If I had many more of those tiny squares left ahead of me, I'd love to go back and plot out my life to the squares. With both of my children born in January, those would be easy to find. My wedding anniversary would fall right around the halfway point of another year. The day I moved to the Boston area to begin my college career would fall right near the midpoint of my life so far (in just a few weeks, I'll have lived as long in Boston as I did in Cleveland!).

But the real point is that you should be using each of those tiny squares to make your life count, to be reaching towards whatever your goals might be. And because the concept of a week is easier to grasp than similar every day strategies (like "do one thing every day that scares you"), I'm going to try to implement it in some form. For now, it's becoming part of the task list inside my Google calendar. Instead of being a to do list, it'll help me to remember what's been done.

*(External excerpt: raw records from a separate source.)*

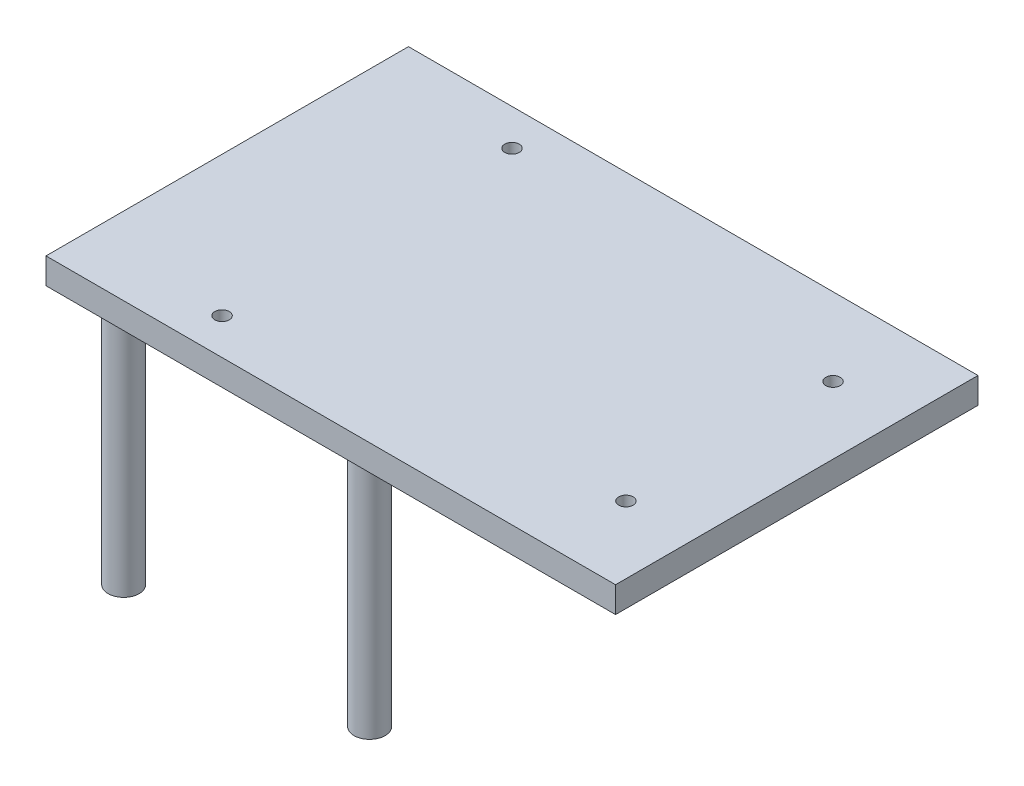
ISO-10303-21;
HEADER;
FILE_DESCRIPTION(('STEP AP214'),'2;1');
FILE_NAME('part.step','',(''),(''),'','','');
FILE_SCHEMA(('AUTOMOTIVE_DESIGN { 1 0 10303 214 1 1 1 1 }'));
ENDSEC;
DATA;
#1=APPLICATION_CONTEXT('core data for automotive mechanical design processes');
#2=APPLICATION_PROTOCOL_DEFINITION('international standard','automotive_design',2000,#1);
#3=PRODUCT_CONTEXT('',#1,'mechanical');
#4=PRODUCT('Part','Part','',(#3));
#5=PRODUCT_RELATED_PRODUCT_CATEGORY('part','',(#4));
#6=PRODUCT_DEFINITION_FORMATION('','',#4);
#7=PRODUCT_DEFINITION_CONTEXT('part definition',#1,'design');
#8=PRODUCT_DEFINITION('design','',#6,#7);
#9=PRODUCT_DEFINITION_SHAPE('','',#8);
#10=(LENGTH_UNIT() NAMED_UNIT(*) SI_UNIT(.MILLI.,.METRE.));
#11=(NAMED_UNIT(*) PLANE_ANGLE_UNIT() SI_UNIT($,.RADIAN.));
#12=(NAMED_UNIT(*) SI_UNIT($,.STERADIAN.) SOLID_ANGLE_UNIT());
#13=UNCERTAINTY_MEASURE_WITH_UNIT(LENGTH_MEASURE(1.E-05),#10,'distance_accuracy_value','');
#14=(GEOMETRIC_REPRESENTATION_CONTEXT(3) GLOBAL_UNCERTAINTY_ASSIGNED_CONTEXT((#13)) GLOBAL_UNIT_ASSIGNED_CONTEXT((#10,
#11,#12)) REPRESENTATION_CONTEXT('',''));
#15=CARTESIAN_POINT('',(0.,0.,0.));
#16=DIRECTION('',(0.,0.,1.));
#17=DIRECTION('',(1.,0.,0.));
#18=AXIS2_PLACEMENT_3D('',#15,#16,#17);
#19=CARTESIAN_POINT('',(55.,-5.,-35.));
#20=DIRECTION('',(1.,0.,0.));
#21=DIRECTION('',(0.,0.,-1.));
#22=AXIS2_PLACEMENT_3D('',#19,#20,#21);
#23=PLANE('',#22);
#24=DIRECTION('',(0.,0.,-1.));
#25=VECTOR('',#24,1.);
#26=CARTESIAN_POINT('',(55.,0.,-35.));
#27=LINE('',#26,#25);
#28=CARTESIAN_POINT('',(55.,0.,35.));
#29=VERTEX_POINT('',#28);
#30=CARTESIAN_POINT('',(55.,0.,-35.));
#31=VERTEX_POINT('',#30);
#32=EDGE_CURVE('E113',#29,#31,#27,.T.);
#33=ORIENTED_EDGE('',*,*,#32,.F.);
#34=DIRECTION('',(0.,1.,0.));
#35=VECTOR('',#34,1.);
#36=CARTESIAN_POINT('',(55.,-5.,35.));
#37=LINE('',#36,#35);
#38=CARTESIAN_POINT('',(55.,-5.,35.));
#39=VERTEX_POINT('',#38);
#40=EDGE_CURVE('E56',#39,#29,#37,.T.);
#41=ORIENTED_EDGE('',*,*,#40,.F.);
#42=DIRECTION('',(0.,0.,-1.));
#43=VECTOR('',#42,1.);
#44=CARTESIAN_POINT('',(55.,-5.,-35.));
#45=LINE('',#44,#43);
#46=CARTESIAN_POINT('',(55.,-5.,-35.));
#47=VERTEX_POINT('',#46);
#48=EDGE_CURVE('E104',#39,#47,#45,.T.);
#49=ORIENTED_EDGE('',*,*,#48,.T.);
#50=DIRECTION('',(0.,1.,0.));
#51=VECTOR('',#50,1.);
#52=CARTESIAN_POINT('',(55.,-5.,-35.));
#53=LINE('',#52,#51);
#54=EDGE_CURVE('E84',#47,#31,#53,.T.);
#55=ORIENTED_EDGE('',*,*,#54,.T.);
#56=EDGE_LOOP('',(#33,#41,#49,#55));
#57=FACE_BOUND('',#56,.T.);
#58=ADVANCED_FACE('F39',(#57),#23,.T.);
#59=CARTESIAN_POINT('',(-55.,-5.,35.));
#60=DIRECTION('',(0.,0.,1.));
#61=DIRECTION('',(1.,0.,0.));
#62=AXIS2_PLACEMENT_3D('',#59,#60,#61);
#63=PLANE('',#62);
#64=DIRECTION('',(1.,0.,0.));
#65=VECTOR('',#64,1.);
#66=CARTESIAN_POINT('',(-55.,0.,35.));
#67=LINE('',#66,#65);
#68=CARTESIAN_POINT('',(-55.,0.,35.));
#69=VERTEX_POINT('',#68);
#70=EDGE_CURVE('E107',#69,#29,#67,.T.);
#71=ORIENTED_EDGE('',*,*,#70,.F.);
#72=DIRECTION('',(0.,1.,0.));
#73=VECTOR('',#72,1.);
#74=CARTESIAN_POINT('',(-55.,-5.,35.));
#75=LINE('',#74,#73);
#76=CARTESIAN_POINT('',(-55.,-5.,35.));
#77=VERTEX_POINT('',#76);
#78=EDGE_CURVE('E73',#77,#69,#75,.T.);
#79=ORIENTED_EDGE('',*,*,#78,.F.);
#80=DIRECTION('',(1.,0.,0.));
#81=VECTOR('',#80,1.);
#82=CARTESIAN_POINT('',(-55.,-5.,35.));
#83=LINE('',#82,#81);
#84=EDGE_CURVE('E99',#77,#39,#83,.T.);
#85=ORIENTED_EDGE('',*,*,#84,.T.);
#86=ORIENTED_EDGE('',*,*,#40,.T.);
#87=EDGE_LOOP('',(#71,#79,#85,#86));
#88=FACE_BOUND('',#87,.T.);
#89=ADVANCED_FACE('F271',(#88),#63,.T.);
#90=CARTESIAN_POINT('',(-55.,-5.,-35.));
#91=DIRECTION('',(-1.,0.,0.));
#92=DIRECTION('',(0.,0.,1.));
#93=AXIS2_PLACEMENT_3D('',#90,#91,#92);
#94=PLANE('',#93);
#95=DIRECTION('',(0.,0.,1.));
#96=VECTOR('',#95,1.);
#97=CARTESIAN_POINT('',(-55.,0.,-35.));
#98=LINE('',#97,#96);
#99=CARTESIAN_POINT('',(-55.,0.,-35.));
#100=VERTEX_POINT('',#99);
#101=EDGE_CURVE('E92',#100,#69,#98,.T.);
#102=ORIENTED_EDGE('',*,*,#101,.F.);
#103=DIRECTION('',(0.,1.,0.));
#104=VECTOR('',#103,1.);
#105=CARTESIAN_POINT('',(-55.,-5.,-35.));
#106=LINE('',#105,#104);
#107=CARTESIAN_POINT('',(-55.,-5.,-35.));
#108=VERTEX_POINT('',#107);
#109=EDGE_CURVE('E87',#108,#100,#106,.T.);
#110=ORIENTED_EDGE('',*,*,#109,.F.);
#111=DIRECTION('',(0.,0.,1.));
#112=VECTOR('',#111,1.);
#113=CARTESIAN_POINT('',(-55.,-5.,-35.));
#114=LINE('',#113,#112);
#115=EDGE_CURVE('E90',#108,#77,#114,.T.);
#116=ORIENTED_EDGE('',*,*,#115,.T.);
#117=ORIENTED_EDGE('',*,*,#78,.T.);
#118=EDGE_LOOP('',(#102,#110,#116,#117));
#119=FACE_BOUND('',#118,.T.);
#120=ADVANCED_FACE('F89',(#119),#94,.T.);
#121=CARTESIAN_POINT('',(-55.,-5.,-35.));
#122=DIRECTION('',(0.,0.,-1.));
#123=DIRECTION('',(-1.,0.,0.));
#124=AXIS2_PLACEMENT_3D('',#121,#122,#123);
#125=PLANE('',#124);
#126=DIRECTION('',(-1.,0.,0.));
#127=VECTOR('',#126,1.);
#128=CARTESIAN_POINT('',(-55.,0.,-35.));
#129=LINE('',#128,#127);
#130=EDGE_CURVE('E117',#31,#100,#129,.T.);
#131=ORIENTED_EDGE('',*,*,#130,.F.);
#132=ORIENTED_EDGE('',*,*,#54,.F.);
#133=DIRECTION('',(-1.,0.,0.));
#134=VECTOR('',#133,1.);
#135=CARTESIAN_POINT('',(-55.,-5.,-35.));
#136=LINE('',#135,#134);
#137=EDGE_CURVE('E98',#47,#108,#136,.T.);
#138=ORIENTED_EDGE('',*,*,#137,.T.);
#139=ORIENTED_EDGE('',*,*,#109,.T.);
#140=EDGE_LOOP('',(#131,#132,#138,#139));
#141=FACE_BOUND('',#140,.T.);
#142=ADVANCED_FACE('F102',(#141),#125,.T.);
#143=CARTESIAN_POINT('',(0.,-5.,0.));
#144=DIRECTION('',(0.,1.,0.));
#145=DIRECTION('',(0.,0.,1.));
#146=AXIS2_PLACEMENT_3D('',#143,#144,#145);
#147=PLANE('',#146);
#148=CARTESIAN_POINT('',(-47.5,-5.,-27.5));
#149=DIRECTION('',(0.,1.,0.));
#150=DIRECTION('',(0.,0.,1.));
#151=AXIS2_PLACEMENT_3D('',#148,#149,#150);
#152=CIRCLE('',#151,3.);
#153=CARTESIAN_POINT('',(-47.5,-5.,-24.5));
#154=VERTEX_POINT('',#153);
#155=EDGE_CURVE('E11',#154,#154,#152,.F.);
#156=ORIENTED_EDGE('',*,*,#155,.F.);
#157=EDGE_LOOP('',(#156));
#158=FACE_BOUND('',#157,.T.);
#159=CARTESIAN_POINT('',(0.,-5.,-27.5));
#160=DIRECTION('',(0.,1.,0.));
#161=DIRECTION('',(0.,0.,1.));
#162=AXIS2_PLACEMENT_3D('',#159,#160,#161);
#163=CIRCLE('',#162,3.);
#164=CARTESIAN_POINT('',(0.,-5.,-24.5));
#165=VERTEX_POINT('',#164);
#166=EDGE_CURVE('E48',#165,#165,#163,.F.);
#167=ORIENTED_EDGE('',*,*,#166,.F.);
#168=EDGE_LOOP('',(#167));
#169=FACE_BOUND('',#168,.T.);
#170=CARTESIAN_POINT('',(0.,-5.,27.5));
#171=DIRECTION('',(0.,1.,0.));
#172=DIRECTION('',(0.,0.,1.));
#173=AXIS2_PLACEMENT_3D('',#170,#171,#172);
#174=CIRCLE('',#173,3.);
#175=CARTESIAN_POINT('',(0.,-5.,30.5));
#176=VERTEX_POINT('',#175);
#177=EDGE_CURVE('E136',#176,#176,#174,.F.);
#178=ORIENTED_EDGE('',*,*,#177,.F.);
#179=EDGE_LOOP('',(#178));
#180=FACE_BOUND('',#179,.T.);
#181=CARTESIAN_POINT('',(-47.5,-5.,27.5));
#182=DIRECTION('',(0.,1.,0.));
#183=DIRECTION('',(0.,0.,1.));
#184=AXIS2_PLACEMENT_3D('',#181,#182,#183);
#185=CIRCLE('',#184,3.);
#186=CARTESIAN_POINT('',(-47.5,-5.,30.5));
#187=VERTEX_POINT('',#186);
#188=EDGE_CURVE('E128',#187,#187,#185,.F.);
#189=ORIENTED_EDGE('',*,*,#188,.F.);
#190=EDGE_LOOP('',(#189));
#191=FACE_BOUND('',#190,.T.);
#192=CARTESIAN_POINT('',(-28.,-5.,-28.));
#193=DIRECTION('',(0.,1.,0.));
#194=DIRECTION('',(0.,0.,1.));
#195=AXIS2_PLACEMENT_3D('',#192,#193,#194);
#196=CIRCLE('',#195,1.4);
#197=CARTESIAN_POINT('',(-28.,-5.,-26.6));
#198=VERTEX_POINT('',#197);
#199=EDGE_CURVE('E118',#198,#198,#196,.T.);
#200=ORIENTED_EDGE('',*,*,#199,.T.);
#201=EDGE_LOOP('',(#200));
#202=FACE_BOUND('',#201,.T.);
#203=CARTESIAN_POINT('',(42.,-5.,20.));
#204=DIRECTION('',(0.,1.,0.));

For example, in this first week post-BlogHer14, I had a few immediate things I wanted to follow up with upon returning home. I emailed two of the speakers I had enjoyed, hoping to perhaps collaborate with them, and one emailed me back right away and I pitched more concrete ideas in return. I submitted two potential guest posts to other sites, with one being pretty much guaranteed to run and the other somewhat likely. I also started an about.me page at the urging of another speaker (you can see it here.)

I'm sure there will be weeks when nothing is done that moves me closer to goals that I have. I'll cut myself some slack when that happens. But honestly? One thing a week towards making me figure things out and push beyond my comfort zone? I think I'll manage.

And I owe it to all those little squares to try.